Revision as of 22:55, 14 November 2023 by Weiler (talk | contribs)

Due to heterogeneous workloads and different batch requirements, we have implemented partitions in slurm, which are similar to queues.

Each partition has different default and maximum walltime limits (aka "runtime" limits). You will need to select a partition to launch your jobs in based on what kind of jobs they are and how long they are expected to run.

Partition Name Default Walltime Limit Maximum Walltime Limit Default Partition? Job Priority Maximum Nodes Utilized
short 10 minutes 1 hour Yes Normal All
medium 1 hour 12 hours No Normal 15
long 12 hours 7 days No Normal 10
high_priority 10 minutes 7 days No High All
gpu 10 minutes 7 days No Normal 6

If you do not specify a partition to run your job in, it will automatically be assigned the "short" partition by deafult. If you do not specify a walltime value in your job submission script, it will inherit the "Default Walltime Limit" of the partition it is assigned. Therefore, it is a very good idea to specify which partition your job will go in, and you should also specify a walltime limit, otherwise your jobs will inherit the default walltime limit in the chart above.

This all means that it is very important to TEST your jobs before running many of them! Submit one jobs and note how much resources it takes (RAM, CPU) and how long it takes to run. Then when you submit many of those jobs, you can correctly specify the number of CPU cores your job needs, how much RAM it needs (pad it by about 20% just in case), and how much time it needs to run (pad it by 40% to account for environmental variables like disk IO load and CPU context switching load).

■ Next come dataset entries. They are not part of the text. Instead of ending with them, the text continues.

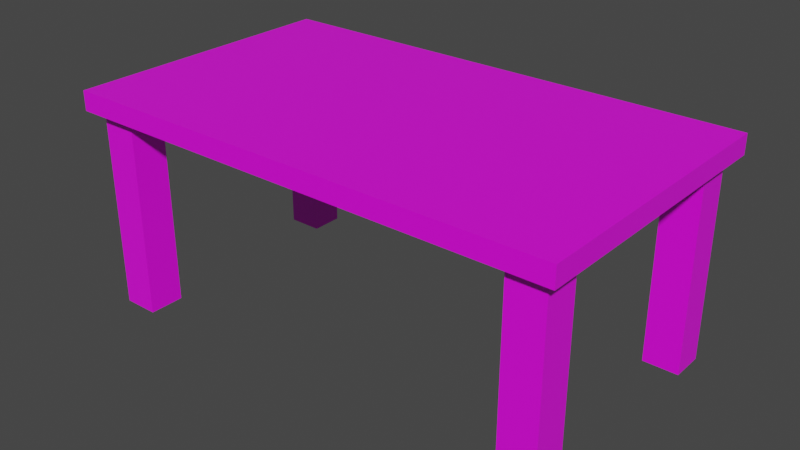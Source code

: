 # Source: mesa_madera.blend  (saved by Blender 3.3.6; exported with 4.5.12 LTS)
import bpy
from mathutils import Matrix  # noqa: F401  (used for matrix-valued properties, if any)

bpy.ops.wm.read_factory_settings(use_empty=True)
scene = bpy.context.scene
scene.name = 'Scene'

# ---- collections
col_collection = bpy.data.collections.new('Collection'); scene.collection.children.link(col_collection)

# ---- images (referenced by path relative to the original .blend; pixels are not part of the script)
import os
ASSET_DIR = os.environ.get("B2B_ASSET_DIR", "")  # directory of the original .blend (textures are referenced by path, not embedded)
HERE = os.path.dirname(os.path.abspath(__file__))  # packed textures are extracted next to this script under _unpacked/

def load_image(name, relpath, width, height, colorspace="sRGB"):
    """Load a texture the original file referenced (path relative to the .blend, or extracted next to this script)."""
    p = next((c for c in (os.path.join(HERE, relpath), os.path.join(ASSET_DIR, relpath)) if relpath and os.path.exists(c)), "")
    if p:
        img = bpy.data.images.load(p, check_existing=True)
        img.name = name
    else:  # same state as the original file: an image datablock whose file is absent (Cycles renders it pink)
        img = bpy.data.images.new(name, width, height)
        img.source = "FILE"
        img.filepath = "//" + (relpath or name)
    img.colorspace_settings.name = colorspace
    return img
img_mesa_color_metal = load_image('mesa_color_metal', 'mesa_color_metal.png', 1024, 1024, 'sRGB')

# ---- materials (node trees are filled in below, after node groups)
mat_mesa_color_metal = bpy.data.materials.new('Mesa_color_metal')
mat_mesa_color_metal.use_transparent_shadow = False

# ---- material node trees
mat_mesa_color_metal.use_nodes = True; mat_mesa_color_metal.node_tree.nodes.clear()
_N = mat_mesa_color_metal.node_tree.nodes; _L = mat_mesa_color_metal.node_tree.links
n0 = _N.new('ShaderNodeBsdfPrincipled'); n0.name = 'Principled BSDF'; n0.location = (10, 300)
n0.distribution = 'GGX'
n0.subsurface_method = 'RANDOM_WALK_SKIN'
n0.inputs[2].default_value = 0.3841
n0.inputs[3].default_value = 1.45
n0.inputs[13].default_value = 0.8188
n0.inputs[27].default_value = (0.0, 0.0, 0.0, 1.0)
n0.inputs[28].default_value = 1.0
n1 = _N.new('ShaderNodeOutputMaterial'); n1.name = 'Material Output'; n1.location = (300, 300)
n2 = _N.new('ShaderNodeTexImage'); n2.name = 'Image Texture'; n2.location = (-365, 222)
n2.image = img_mesa_color_metal
_L.new(n0.outputs[0], n1.inputs[0])
_L.new(n2.outputs[0], n0.inputs[0])
n1.is_active_output = True

# ---- world
world_world = bpy.data.worlds.new('World'); scene.world = world_world
world_world.use_nodes = True; world_world.node_tree.nodes.clear()
_N = world_world.node_tree.nodes; _L = world_world.node_tree.links
n0 = _N.new('ShaderNodeOutputWorld'); n0.name = 'World Output'; n0.location = (300, 300)
n1 = _N.new('ShaderNodeBackground'); n1.name = 'Background'; n1.location = (10, 300)
n1.inputs[0].default_value = (0.05088, 0.05088, 0.05088, 1.0)
_L.new(n1.outputs[0], n0.inputs[0])
n0.is_active_output = True
world_world.color = (0.05088, 0.05088, 0.05088)
world_world.use_sun_shadow = False
world_world.sun_shadow_jitter_overblur = 0.0

# ---- meshes
me_cube = bpy.data.meshes.new('Cube')
me_cube.from_pydata([(1.0, 2.347, 1.0), (1.0, 2.347, 0.7713), (1.0, -1.0, 1.0), (1.0, -1.0, 0.7713), (2.919, -1.0, 0.7713), (2.919, -1.0, 1.0), (2.919, 2.347, 0.7713), (2.919, 2.347, 1.0), (0.0, 2.347, 0.7713), (0.0, -1.0, 1.0), (0.0, -1.0, 0.7713), (0.0, 2.347, 1.0), (2.142, -1.0, 0.7713), (2.782, -1.0, 0.7713), (2.782, 2.347, 0.7713), (2.142, 2.347, 0.7713), (2.142, 2.347, 1.0), (2.782, 2.347, 1.0), (2.782, -1.0, 1.0), (2.142, -1.0, 1.0), (2.919, 2.217, 0.7713), (2.919, 2.217, 1.0), (1.0, 2.217, 1.0), (1.0, 2.217, 0.7713), (0.0, 2.217, 0.7713), (0.0, 2.217, 1.0), (2.142, 2.217, 1.0), (2.782, 2.217, 1.0), (2.142, 2.217, 0.7713), (2.782, 2.217, 0.7713), (2.919, -0.8601, 1.0), (1.0, -0.8601, 1.0), (0.0, -0.8601, 0.7713), (0.0, -0.8601, 1.0), (2.142, -0.8601, 0.7713), (2.782, -0.8601, 0.7713), (2.919, -0.8601, 0.7713), (1.0, -0.8601, 0.7713), (2.142, -0.8601, 1.0), (2.782, -0.8601, 1.0), (2.919, -0.2594, 0.7713), (1.0, -0.2594, 0.7713), (2.142, -0.2594, 1.0), (2.782, -0.2594, 1.0), (2.919, -0.2594, 1.0), (1.0, -0.2594, 1.0), (0.0, -0.2594, 0.7713), (0.0, -0.2594, 1.0), (2.142, -0.2594, 0.7713), (2.782, -0.2594, 0.7713), (2.919, 1.615, 0.7713), (1.0, 1.615, 0.7713), (2.142, 1.615, 1.0), (2.782, 1.615, 1.0), (2.919, 1.615, 1.0), (1.0, 1.615, 1.0), (0.0, 1.615, 0.7713), (0.0, 1.615, 1.0), (2.142, 1.615, 0.7713), (2.782, 1.615, 0.7713), (2.142, -0.2594, 0.7713), (2.142, -0.8601, 0.7713), (2.782, -0.2594, 0.7713), (2.782, -0.8601, 0.7713), (2.142, 2.217, 0.7713), (2.782, 2.217, 0.7713), (2.142, 1.615, 0.7713), (2.782, 1.615, 0.7713), (2.142, -0.2594, 0.7713), (2.142, -0.8601, 0.7713), (2.782, -0.2594, 0.7713), (2.782, -0.8601, 0.7713), (2.364, -1.0, 0.7713), (2.364, 2.347, 0.7713), (2.364, 2.347, 1.0), (2.364, -1.0, 1.0), (2.364, 2.217, 0.7713), (2.364, 2.217, 1.0), (2.364, -0.8601, 0.7713), (2.364, -0.8601, 1.0), (2.364, -0.2594, 1.0), (2.364, -0.2594, 0.7713), (2.364, 1.615, 1.0), (2.364, 1.615, 0.7713), (2.364, -0.8601, 0.7713), (2.364, -0.2594, 0.7713), (2.364, 2.217, 0.7713), (2.364, 1.615, 0.7713), (2.364, -0.8601, 0.7713), (2.364, -0.2594, 0.7713), (2.919, 1.825, 0.7713), (1.0, 1.825, 0.7713), (2.142, 1.825, 1.0), (2.782, 1.825, 1.0), (2.919, 1.825, 1.0), (1.0, 1.825, 1.0), (0.0, 1.825, 0.7713), (0.0, 1.825, 1.0), (2.142, 1.825, 0.7713), (2.782, 1.825, 0.7713), (2.142, 1.825, 0.7713), (2.782, 1.825, 0.7713), (2.364, 1.825, 0.7713), (2.364, 1.825, 1.0), (2.919, -0.4445, 1.0), (1.0, -0.4445, 1.0), (0.0, -0.4445, 0.7713), (0.0, -0.4445, 1.0), (2.142, -0.4445, 0.7713), (2.782, -0.4445, 0.7713), (2.919, -0.4445, 0.7713), (1.0, -0.4445, 0.7713), (2.142, -0.4445, 1.0), (2.782, -0.4445, 1.0), (2.142, -0.4445, 0.7713), (2.782, -0.4445, 0.7713), (2.142, -0.4445, 0.7713), (2.782, -0.4445, 0.7713), (2.364, -0.4445, 0.7713), (2.364, -0.4445, 1.0), (2.364, 2.217, -1.568), (2.782, 2.217, -1.568), (2.782, -0.4445, -1.568), (2.782, -0.8601, -1.568), (2.364, -0.8601, -1.568), (2.364, -0.4445, -1.568), (2.782, 1.825, -1.568), (2.364, 1.825, -1.568), (-1.0, 2.347, 1.0), (-1.0, 2.347, 0.7713), (-1.0, -1.0, 1.0), (-1.0, -1.0, 0.7713), (-2.919, -1.0, 0.7713), (-2.919, -1.0, 1.0), (-2.919, 2.347, 0.7713), (-2.919, 2.347, 1.0), (-2.142, -1.0, 0.7713), (-2.782, -1.0, 0.7713), (-2.782, 2.347, 0.7713), (-2.142, 2.347, 0.7713), (-2.142, 2.347, 1.0), (-2.782, 2.347, 1.0), (-2.782, -1.0, 1.0), (-2.142, -1.0, 1.0), (-2.919, 2.217, 0.7713), (-2.919, 2.217, 1.0), (-1.0, 2.217, 1.0), (-1.0, 2.217, 0.7713), (-2.142, 2.217, 1.0), (-2.782, 2.217, 1.0), (-2.142, 2.217, 0.7713), (-2.782, 2.217, 0.7713), (-2.919, -0.8601, 1.0), (-1.0, -0.8601, 1.0), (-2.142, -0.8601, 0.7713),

You can test your jobs by running one job via srun with fairly high CPU, RAM and walltime limits (just so it isn't killed due to default limits), then noting how much in resources it consumed while running (after it finishes).

Example

seff 769059

Output

Job ID: 769059
Cluster: phoenix
User/Group: <user-name>/<group-name>
State: COMPLETED (exit code 0)
Nodes: 1
Cores per node: 16
CPU Utilized: 00:00:01
CPU Efficiency: 0.11% of 00:15:28 core-walltime
Job Wall-clock time: 00:00:58
Memory Utilized: 4.79 MB
Memory Efficiency: 4.79% of 100.00 MB

So if I needed to run like 1000 of these jobs, and they were all similar, I would select the "short" partition, 1 CPU core, maybe specify 8MB RAM, and maybe 90 seconds walltime limit. Note how I padded the RAM and walltime a bit to account for unexpected variable cluster conditions.